You don't mention what brand/model antenna, or if you are using an amp... If Tvfool shows you can get a signal of any kind, using a high gain antenna (two stacked yagi's) feeding a low noise channel master amp, and using RG11 coax down to the amps power supply, would increase your possibilities. The type yagi depends in whether you are trying for VHF hi and UHF, or just UHF.


----------



## Upstream (Jul 4, 2006)

can't use a yagi for NYC, since stations will be both VHF and UHF.


----------



## Tower Guy (Jul 27, 2005)

Tristateviewer said:


> I am a DirecTV satellite customer that resides in the state of Connecticut.
> 
> What options do I have available regarding my antenna to receive these NYC signals?


80 miles is not easy, especially in hilly areas. Yet, each situation is unique. Go to tvfool.com, enter your address, and try various tower heights. To get specific help, post your exact location or the tvfool results.


----------



## Davenlr (Sep 16, 2006)

Yagi's are a design, not frequency dependant. You can get VHF, UHF or combo V/U yagi's.

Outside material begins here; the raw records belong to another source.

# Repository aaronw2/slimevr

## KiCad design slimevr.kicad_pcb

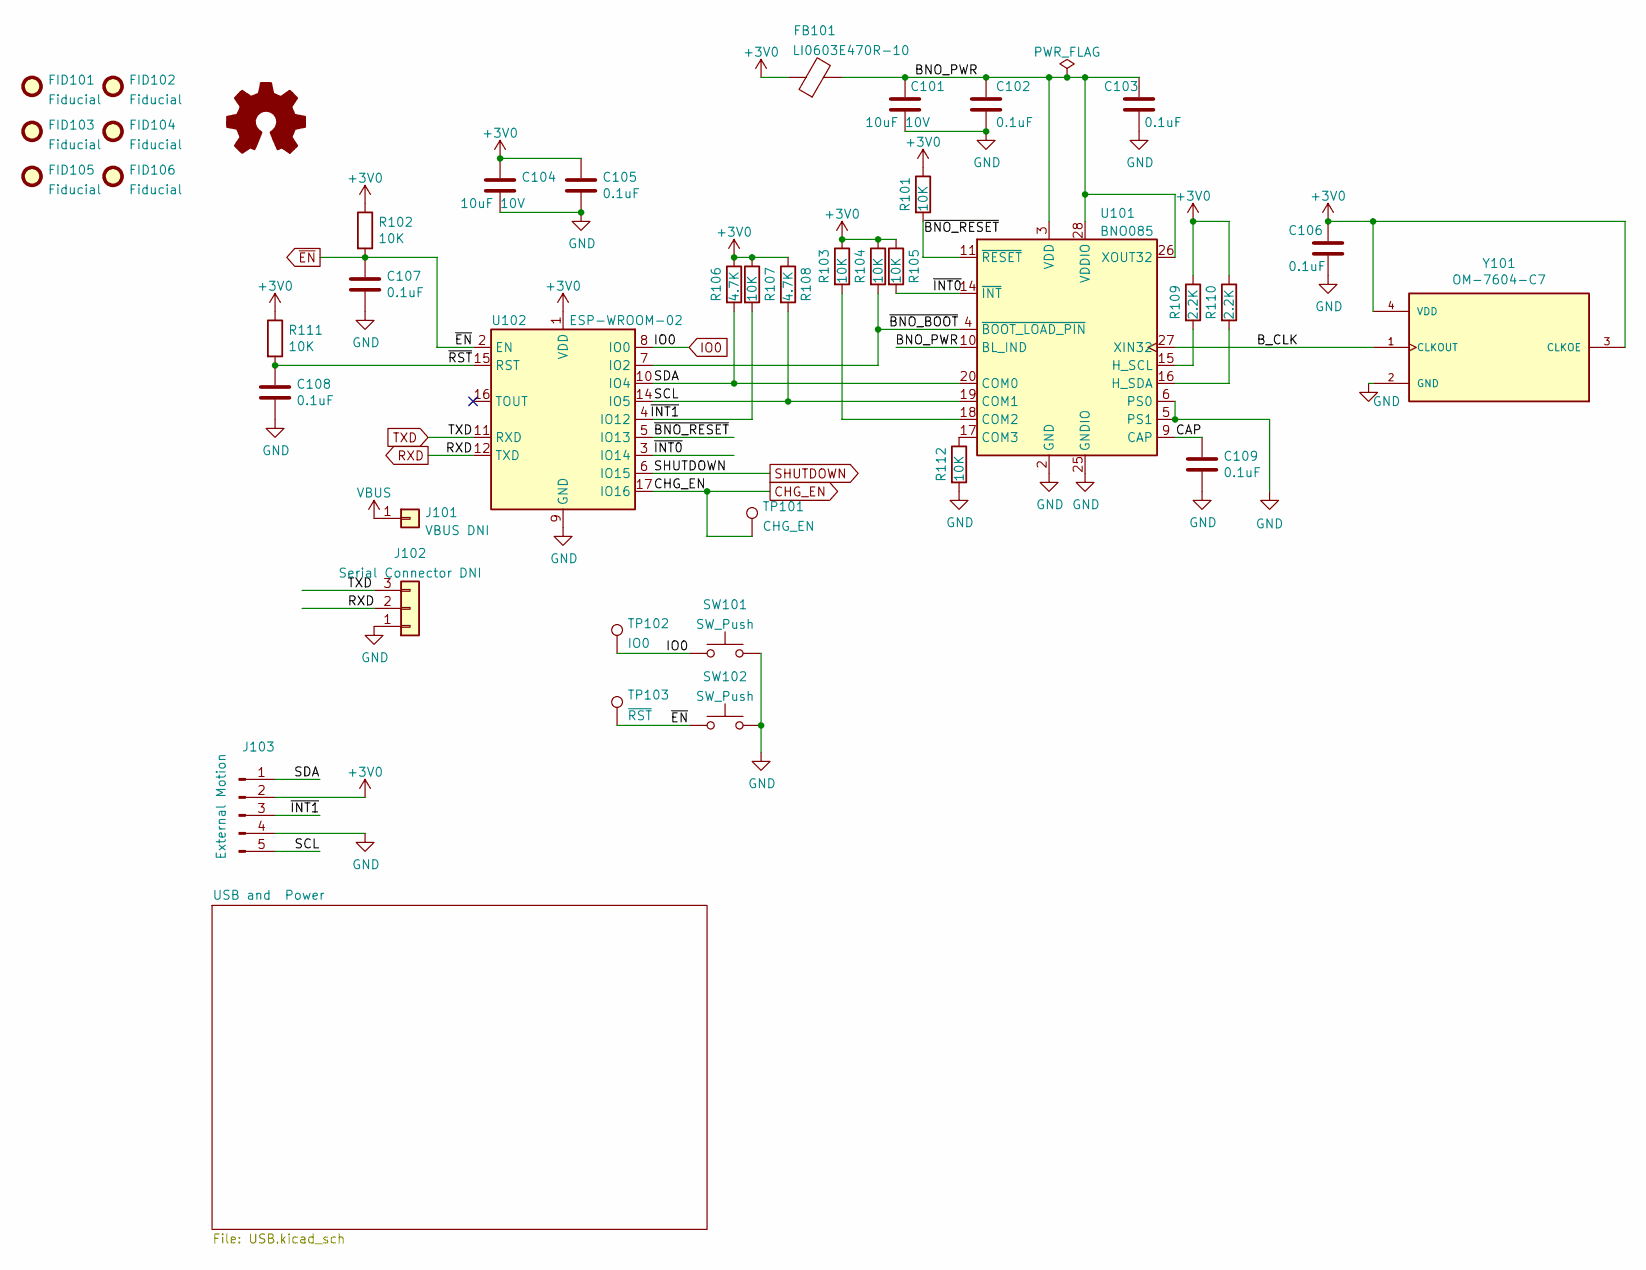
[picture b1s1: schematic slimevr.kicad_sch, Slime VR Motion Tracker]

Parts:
C101, C104: 10uF 10V; C_0603_1608Metric; MPN CL10A106MP8NNNC
C102, C103, C105, C106, C107, C108, C109: 0.1uF; C_0603_1608Metric; MPN C0603C104M3RAC7867
FB101: LI0603E470R-10; L_0603_1608Metric; MPN LI0603E470R-10
FID101, FID102, FID103, FID104, FID105, FID106: Fiducial; Fiducial_0.5mm_Mask1mm
J101: VBUS DNI; PinHeader_1x01_P2.54mm_Vertical
J102: Serial Connector DNI; PinHeader_1x03_P2.54mm_Vertical
J103: External Motion; JST_PH_S5B-PH-K_1x05_P2.00mm_Horizontal; MPN B5B-PH-SM4-TBT(LF)(SN)
LOGO101: Logo_Open_Hardware_Small; OSHW-Logo2_7.3x6mm_SilkScreen
R101, R102, R103, R104, R105, R107, R111, R112: 10K; R_0603_1608Metric; MPN RC0603FR-0710KL
R106, R108: 4.7K; R_0603_1608Metric; MPN RC0603FR-074K7L
R109, R110: 2.2K; R_0603_1608Metric; MPN RC0603FR-074K7L
SW101, SW102: SW_Push; SW_SPST_CK_KXT3; MPN KXT 331 LHS
TP101: CHG_EN; TestPoint_THTPad_1.0x1.0mm_Drill0.5mm
TP102: IO0; TestPoint_THTPad_1.0x1.0mm_Drill0.5mm
TP103: ~{RST}; TestPoint_THTPad_1.0x1.0mm_Drill0.5mm
U101: BNO085; LGA-28_5.2x3.8mm_P0.5mm; MPN BNO085
U102: ESP-WROOM-02; MPN ESP-WROOM-02D (4MB)
Y101: OM-7604-C7; OSC_OM-7604-C7; PARTREV 4.2/06.2019

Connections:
+3V0: C104.1, C105.1, C106.1, FB101.1, J103.2, R101.1, R102.1, R103.1, R104.1, R105.1, R106.1, R107.1, R108.1, R109.1, R110.1, R111.1, U102.1 (VDD), Y101.3 (CLKOE), Y101.4 (VDD); also elsewhere on the board
/BNO_PWR: C101.1, C102.1, C103.1, FB101.2, U101.3 (VDD), U101.10 (BL_IND), U101.26 (XOUT32), U101.28 (VDDIO)
/B_CLK: U101.27 (XIN32), Y101.1 (CLKOUT)
/CAP: C109.1, U101.9 (CAP)
/SCL: J103.5, R108.2, U101.19 (COM1), U102.14 (IO5)
/SDA: J103.1, R106.2, U101.20 (COM0), U102.10 (IO4)
/~BNO_BOOT: R104.2, U101.4 (~BOOT_LOAD_PIN), U102.7 (IO2)
/~BNO_RESET: R101.2, U101.11 (~RESET), U102.5 (IO13)
/~INT0: R105.2, U101.14 (~INT), U102.3 (IO14)
/~INT1: J103.3, R107.2, U102.4 (IO12)
/~RST: C108.1, R111.2, U102.15 (RST)
CHG_EN: TP101.1, U102.17 (IO16); also elsewhere on the board
GND: C101.2, C102.2, C103.2, C104.2, C105.2, C106.2, C107.2, C108.2, C109.2, J102.1, J103.4, R112.2, SW101.2, SW102.2, U101.2 (GND), U101.5 (PS1), U101.6 (PS0), U101.25 (GNDIO), U102.9 (GND), U102.13 (GND), U102.18 (GND), U102.19 (GND), Y101.2 (GND); also elsewhere on the board
IO0: SW101.1, TP102.1, U102.8 (IO0); also elsewhere on the board
unnamed: R103.2, U101.18 (COM2)
unnamed: R112.1, U101.17 (COM3)
unnamed: R109.2, U101.15 (H_SCL)
unnamed: R110.2, U101.16 (H_SDA)
RXD: J102.2, U102.12 (TXD); also elsewhere on the board
SHUTDOWN: U102.6 (IO15); also elsewhere on the board
TXD: J102.3, U102.11 (RXD); also elsewhere on the board
VBUS: J101.1; also elsewhere on the board
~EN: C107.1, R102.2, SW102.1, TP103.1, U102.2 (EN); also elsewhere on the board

Other common designs used for TV are log periodic, and bow tie. Log's use several driven elements, usually one set for each channel, electrically connected to the feedline. Smaller elements in front generate some gain. Yagi's typically use one, two, or three driven elements, with a parasitic reflector, and several parasitic directors in front of the driven element.

While its difficult to stack log periodics, since the stacking distance would only favor one or two channels, Yagi's are generally cut for single channels, or a small group of channels in the VHF band, and for UHF they favor the low end of the band, then add several directors cut for the highest channel to compensate. Assuming the OP needs to pick up VHF-HI, two stacked 7-13 yagis would work well. For UHF, either one long yagi or 8 bay bow tie would probably work better. Tie them together between the receiver and the amps power suppply with a V/U combiner. Use a separate amp and feedline for each band. This is the method used by most rural cable companies.

If you have a grade B signal, you might be able to get away with a single VHF/UHF log periodic.


----------